If you're doing this as a learning process, then by all means, reinvent away! It's a great way to learn. But if you're actually trying to build an application on top of these kinds of things, I'd highly recommend considering using the existing, stable, communally-developed projects - it'll save you a lot of time, false starts, and potential gotchas.
(P.S. I approve of your avatar. <3)
The epoll function (and the other functions in the same family poll and select) allow you to write single threading networking code that manage multiple networking connection. Since there is no threading, there is no need fot synchronisation as would be required in a multi-threaded program (this can be difficult to get right).
On the other hand, you'll need to have an explicit state machine for each connection. In a threaded program, this state machine is implicit.
Those function just offer another way to multiplex multiple connexion in a process. Sometimes it is easier not to use threads, other times you're already using threads, and thus it is easier just to use blocking sockets (which release the GIL in Python).
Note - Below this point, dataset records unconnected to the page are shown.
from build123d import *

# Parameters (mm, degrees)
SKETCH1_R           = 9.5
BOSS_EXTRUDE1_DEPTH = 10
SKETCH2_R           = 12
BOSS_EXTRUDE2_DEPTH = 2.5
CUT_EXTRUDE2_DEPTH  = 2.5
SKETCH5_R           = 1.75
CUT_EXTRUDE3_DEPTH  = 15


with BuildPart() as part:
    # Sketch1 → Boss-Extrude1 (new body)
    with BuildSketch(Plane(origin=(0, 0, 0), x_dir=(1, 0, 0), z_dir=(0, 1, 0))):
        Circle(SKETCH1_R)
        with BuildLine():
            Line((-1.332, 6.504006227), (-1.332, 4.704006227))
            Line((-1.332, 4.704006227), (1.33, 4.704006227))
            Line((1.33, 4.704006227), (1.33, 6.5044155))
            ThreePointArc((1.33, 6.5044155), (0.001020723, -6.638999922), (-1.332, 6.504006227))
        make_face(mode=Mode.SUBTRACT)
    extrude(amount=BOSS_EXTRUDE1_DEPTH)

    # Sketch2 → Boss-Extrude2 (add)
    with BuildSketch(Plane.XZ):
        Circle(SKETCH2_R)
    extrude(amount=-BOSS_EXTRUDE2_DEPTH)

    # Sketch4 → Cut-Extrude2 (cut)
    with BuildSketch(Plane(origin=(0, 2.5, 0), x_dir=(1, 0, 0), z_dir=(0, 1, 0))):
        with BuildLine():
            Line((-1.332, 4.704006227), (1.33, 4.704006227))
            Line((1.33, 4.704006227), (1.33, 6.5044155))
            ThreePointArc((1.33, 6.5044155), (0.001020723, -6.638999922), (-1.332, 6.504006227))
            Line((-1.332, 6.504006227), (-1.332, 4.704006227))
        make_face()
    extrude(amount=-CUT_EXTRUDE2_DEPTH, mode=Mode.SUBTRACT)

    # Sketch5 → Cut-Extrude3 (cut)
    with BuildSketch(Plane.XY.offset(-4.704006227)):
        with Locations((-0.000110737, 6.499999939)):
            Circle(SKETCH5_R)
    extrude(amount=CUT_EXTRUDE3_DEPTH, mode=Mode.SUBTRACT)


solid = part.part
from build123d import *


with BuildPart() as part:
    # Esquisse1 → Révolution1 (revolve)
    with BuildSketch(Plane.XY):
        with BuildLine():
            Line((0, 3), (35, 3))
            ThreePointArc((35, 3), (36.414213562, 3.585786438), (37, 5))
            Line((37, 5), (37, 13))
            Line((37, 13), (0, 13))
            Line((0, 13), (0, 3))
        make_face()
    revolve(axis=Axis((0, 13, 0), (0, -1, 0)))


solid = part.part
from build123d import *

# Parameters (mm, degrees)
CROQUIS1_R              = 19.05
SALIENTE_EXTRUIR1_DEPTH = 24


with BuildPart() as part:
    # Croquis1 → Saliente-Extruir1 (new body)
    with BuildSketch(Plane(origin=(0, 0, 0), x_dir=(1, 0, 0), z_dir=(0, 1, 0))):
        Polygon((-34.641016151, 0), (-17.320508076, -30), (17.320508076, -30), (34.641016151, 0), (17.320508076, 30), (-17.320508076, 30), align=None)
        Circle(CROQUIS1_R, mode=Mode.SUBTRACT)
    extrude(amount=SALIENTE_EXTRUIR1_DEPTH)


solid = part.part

I'm trying to wrap my head around what is happening in this recipe, because I'm planning on implementing a wx/twisted app similar to this (ie. wx and twisted running in separate threads). I understand that both twisted and wx event-loops need to be accessed in a thread-safe manner (ie. reactor.callFromThread, wx.PostEvent, etc). What I am questioning is the thread-safety of passing in instance methods of objects instantiated in one thread (in the case of this recipe, the GUI thread) as deferred callBack and errBack methods for a reactor running in a separate thread. Is that a good idea?
There is a wxreactor available in twisted, but googling reveals that there have been numerous problems with it since it was introduced to the library. Even the person who initially came up with the wxreactor technique, advocates running wx and twisted in separate threads.
I haven't been able to find any other examples of this technique, but I'd love to see some.
I wouldn't say that it's a "good idea". You should just run the reactor and the GUI in the same thread with wxreactor.
The timer-driven event-loop starving approach described by Mr. Schroeder is the worst possible fail-safe way to implement event-loop integration. If you use wxreactor (not wxsupport) Twisted now uses an approach where multiplexing is shunted off to a thread internally so that nothing needs to use a timer. Better yet would be for wxpython to expose wxSocket and have someone base a reactor on it.
However, if you're set on using a separate thread to communicate with Twisted, the one thing to keep in mind is that while you can use objects that originate from any thread you like as the value to pass to Deferred.callback, you must call Deferred.callback only in the reactor thread itself. Deferreds are not threadsafe; thanks to some debugging utilities, not even the Deferred class is threadsafe, so you need to be very careful when you are using them to never leave the Twisted main thread. i.e. when you have a result in the UI thread, use reactor.callFromThread(myDeferred.callback, myresult).
The sole act of passing instance methods between threads is safe as long as you properly synchronize eventual destruction of those instances (threads share memory so it really doesn't matter which one did the allocation/initialization of a bit of it).
The overall thread safety depends on what those methods actually do, so just make them "play nice" and you should be ok.